Why, oh, why, is sed NOT matching syntax in an expression in the same instance, but IS matching when piped into another instance of sed?
And, why, oh, why, do I have to use a different delimeter when I do this (in order not to get an "unterminated 's' command"?
And the real reason I'm asking: Is this a bug in sed, OR, is it correct behavior that I don't understand (and if so, can someone explain why this behavior is correct)? I want to know if I'm doing it wrong, or if I need a different/better tool (or both, they don't have to be mutually exclusive).
I'll mark a response it as the answer if someone can either prove why this behavior is correct or if they can prove why it is a bug. I'll gladly accept any advice about other tools or different methods of using sed, but those won't answer the question.
I'm going to have to get better at other text processors (like awk, tr, etc.) because sed is costing me too much time with it's unexplainable results.
P.S. This is not the complete logic of my PATH manipulation. The complete logic also finishes prepending all the lines with values from 'A00-' to 'Z99-', then pipes that output into 'sort -u -f' and back into sed to remove those same prefixes on each line and to convert the lines ('\n') back into colons (':'). Then "export PATH='" is prepended to the single line and "'" is appended to it. Then that output is redirected into a temporary file. Next, that temporary file is sourced. And, finally, that temporary file is removed.

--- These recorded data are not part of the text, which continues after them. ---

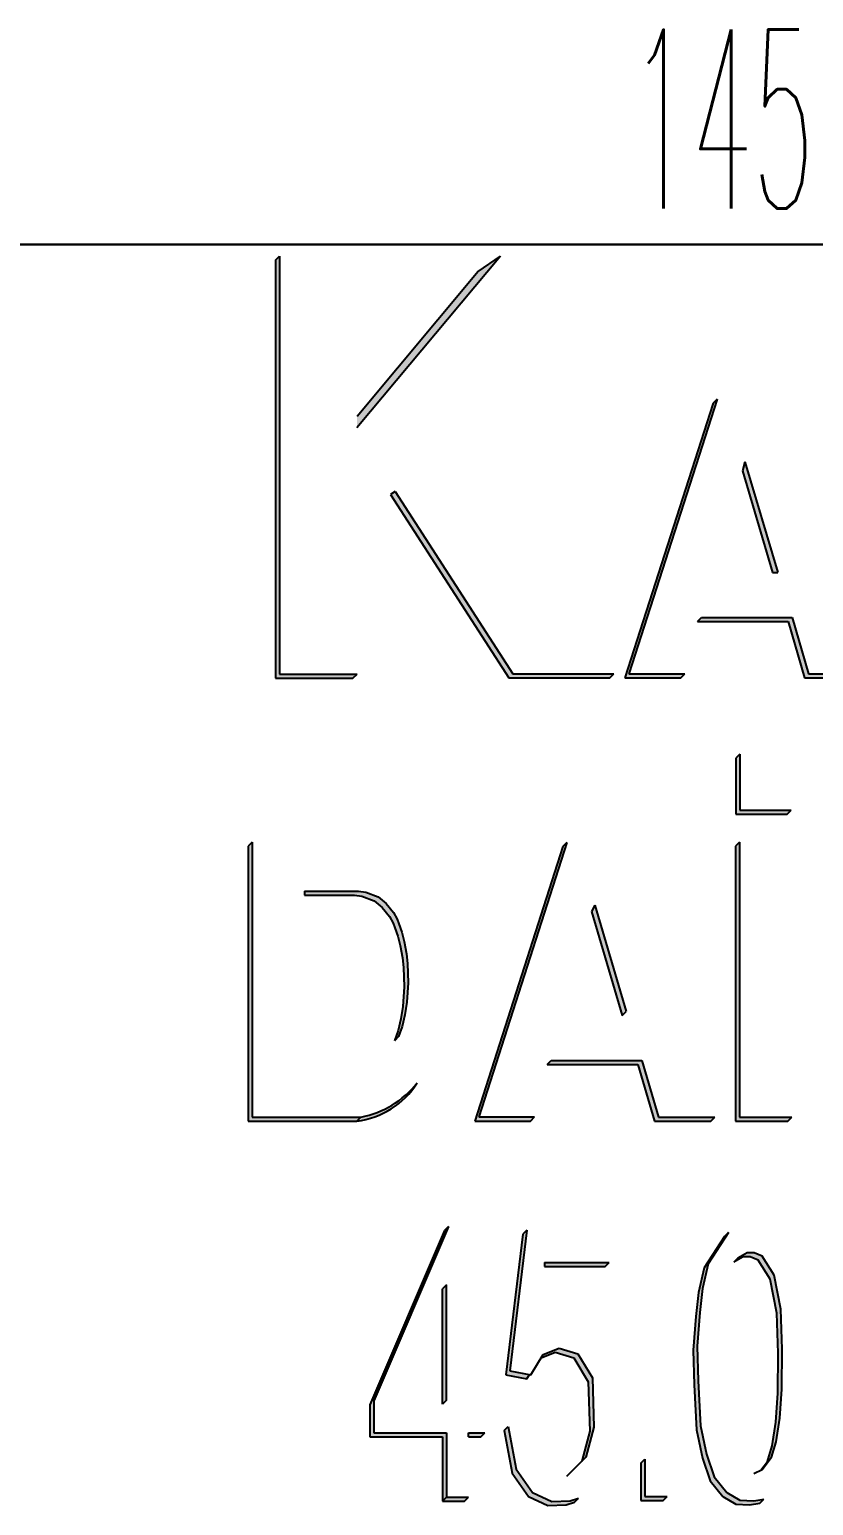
# Model space of a CAD drawing. Extents: x 78 to 306, y -397 to 18.
# Drawn here: x 272.07216 to 272.08529, y -396.68169 to -396.65696 of the extents above; entities that cross this region are included whole.
import ezdxf

# ---------------------------------------------------------------- set-up
doc = ezdxf.new("R2010")
doc.units = 0
doc.header["$LTSCALE"] = 0.5
doc.header["$MEASUREMENT"] = 0
doc.layers.add('MERDIVEN', color=3, linetype='CONTINUOUS')
doc.layers.add('OLCU', color=31, linetype='CONTINUOUS')
doc.styles.add('OLCUIC', font='ROMANS.SHX', dxfattribs={"width": 0.4, "height": 0.15})

msp = doc.modelspace()

# ---------------------------------------------------------------- hatches: boundary and pattern name
at = {"layer": 'MERDIVEN', "ltscale": 1.4}
for points in [[(272.0763482485017, -396.6607562320802), (272.0762808531637, -396.6608236274183), (272.0762808531637, -396.6678313700518), (272.0775792947393, -396.6678313700518), (272.0776466900773, -396.6677639747139), (272.0763482485017, -396.6677639747139)], [(272.0776466900773, -396.6634433861942), (272.0776466900773, -396.6636290122127), (272.0800498700625, -396.6607565818442), (272.0796775728782, -396.6610159486039)], [(272.0836766133393, -396.6631556443406), (272.0836092180013, -396.6632230396785), (272.0821315938261, -396.6678247245375), (272.0830666247699, -396.6678247245375), (272.0831340201079, -396.6677573291994), (272.0821989891641, -396.6677573291994)], [(272.084143509553, -396.6642064941278), (272.0841000180735, -396.6643546902111), (272.0846033757287, -396.6660561591947), (272.0846907091083, -396.6660561591947)], [(272.0782842651701, -396.6647016644426), (272.0782059622639, -396.6647521382437), (272.0801865414907, -396.6678247245375), (272.0818807764355, -396.6678247245374), (272.0819481717735, -396.6677573291994), (272.0802539368286, -396.6677573291994)], [(272.0849318376338, -396.6668118855379), (272.0834147988836, -396.6668118855379), (272.0833474035455, -396.6668792808758), (272.0848644422958, -396.6668792808758), (272.0851401995333, -396.6678255512521), (272.0860885757898, -396.6678255512522), (272.0861559711278, -396.6677581559142), (272.0852075948712, -396.6677581559142)], [(272.0849148195064, -396.6700406078471), (272.0840596217021, -396.6700406078471), (272.0840596217021, -396.6691031293344), (272.083992226364, -396.6691705246724), (272.083992226364, -396.670108003185), (272.0848474241683, -396.670108003185)], [(272.0758900801831, -396.6705753612444), (272.0758226848451, -396.6706427565824), (272.0758226848451, -396.6752502920377), (272.0776420401338, -396.6752502920377), (272.0777102752132, -396.6751820569582), (272.0767647359849, -396.6751828966997), (272.0758900801831, -396.6751828966997)], [(272.0811618186977, -396.6705798127851), (272.0810944233597, -396.6706472081231), (272.0796167991845, -396.675248892982), (272.0805518301283, -396.675248892982), (272.0806192254663, -396.675181497644), (272.0796841945225, -396.675181497644)], [(272.0840524716795, -396.6705753612444), (272.0839850763414, -396.6706427565824), (272.0839850763414, -396.6752502920377), (272.0848597321432, -396.6752502920377), (272.0849271274812, -396.6751828966997), (272.0840524716795, -396.6751828966997)], [(272.0781889105212, -396.6718202093581), (272.0782496982122, -396.6719335850691), (272.0782821290067, -396.6720145786302), (272.0783307591593, -396.6721522409536), (272.0783672317739, -396.6723061325383), (272.0784077462085, -396.6725126451166), (272.0784239455667, -396.6726786609142), (272.0784361031049, -396.6729991220009), (272.0784158298486, -396.6733275640656), (272.0783787477533, -396.6735396327792), (272.0783368218895, -396.6737331237618), (272.0782748793928, -396.6739029773025), (272.0783422747308, -396.6738355819646), (272.0784042172274, -396.6736657284238), (272.0784461430913, -396.6734722374413), (272.0784832251866, -396.6732601687276), (272.0785034984429, -396.672931726663), (272.0784913409047, -396.6726112655763), (272.0784751415464, -396.6724452497785), (272.0784346271118, -396.6722387372003), (272.0783981544973, -396.6720848456155), (272.0783495243446, -396.6719471832922), (272.0783170935501, -396.6718661897311), (272.0782563058593, -396.6717528140201), (272.0781331586585, -396.6716055286994), (272.0779989124916, -396.6714916183775), (272.0777937099277, -396.6714131451253), (272.0776733535075, -396.6713983287642), (272.0767647359849, -396.6713983287642), (272.0767647359849, -396.6714657241022), (272.0776059581695, -396.6714657241022), (272.0777263145897, -396.6714805404632), (272.0779315171536, -396.6715590137155), (272.0780657633206, -396.6716729240374)], [(272.0816287149115, -396.6716306625723), (272.0815733623819, -396.6717387654765), (272.0820885810871, -396.6734803276393), (272.0821559764251, -396.6734129323012)], [(272.0824170429922, -396.6742360539824), (272.0809000042419, -396.6742360539824), (272.080832608904, -396.6743034493204), (272.0823496476542, -396.6743034493204), (272.0826254048916, -396.6752497196967), (272.0835737811482, -396.6752497196967), (272.0836411764862, -396.6751823243587), (272.0826928002297, -396.6751823243587)], [(272.0786521016772, -396.6746117601275, -0.183372799315438), (272.0777102752132, -396.6751820569582), (272.0776420401338, -396.6752502920377, 0.2265776697837698)]]:
    msp.add_hatch(color=256, dxfattribs=at).paths.add_polyline_path(points)
h = msp.add_hatch(color=256, dxfattribs=at)
h.dxf.hatch_style = 1
h.paths.add_polyline_path([(272.0791458237416, -396.6779934191154), (272.0790785392962, -396.6780607035607), (272.0790785392962, -396.6799940126031), (272.0791458237416, -396.6799267281577)], flags=17)
h.paths.add_polyline_path([(272.0791458237416, -396.6804755185154), (272.0779298920526, -396.6804755185154), (272.0779298920526, -396.6799371928523), (272.0791765995332, -396.6770148712089), (272.0791093150877, -396.6770821556543), (272.0778626076072, -396.6800044772977), (272.0778626076072, -396.6805428029608), (272.0790785392962, -396.6805428029608), (272.0790785392962, -396.6816194419175), (272.0791458237416, -396.6815521574721)])
h = msp.add_hatch(color=256, dxfattribs=at)
h.dxf.hatch_style = 1
h.paths.add_polyline_path([(272.0804902216325, -396.6770778890937), (272.0804229371871, -396.677145173539), (272.0801385301295, -396.6795000445512), (272.0804906591467, -396.6795677097295), (272.0805338397614, -396.6794957934874), (272.0802058145749, -396.6794327601058)])
h = msp.add_hatch(color=256, dxfattribs=at)
h.dxf.hatch_style = 1
h.paths.add_polyline_path([(272.0833432581309, -396.6790209849904), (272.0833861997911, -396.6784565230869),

The /etc/profile script also displays the contents of PATH before and after sorting (in case it screwed up the path).
P.P.S. I'm sure there is a much better way to do this. It started as some very simple sed manipulations, and grew into the monster you see here. Even if there is a better way, I still need to know why sed is giving me these results.
sed -e "s#^\(/[a-z]/.*/bin\)$#A40-\1#ig"
is unterminated because the shell is trying to expand "$#A". Put your expressions in single quotes to avoid this.
The expression
-e "s#\n\(/[a-z]/.*/bin\)\n#\nA40-\1\n#ig"
fails, or doesn't do what you expect, because . matches the newline in a multi-line expression. Check your whole output, the A40- is at the very beginning. Change it to
-e "s#\n\(/[a-z]/[^\n]*/bin\)\n#\nA40-\1\n#ig"
and it might be more what you expect. This may very well be the case with most of your issues with multi-line modifications.
You can also put the statements, one per line, into a standalone file and invoke sed with sed -f editscript. It might make maintenance of this a bit easier.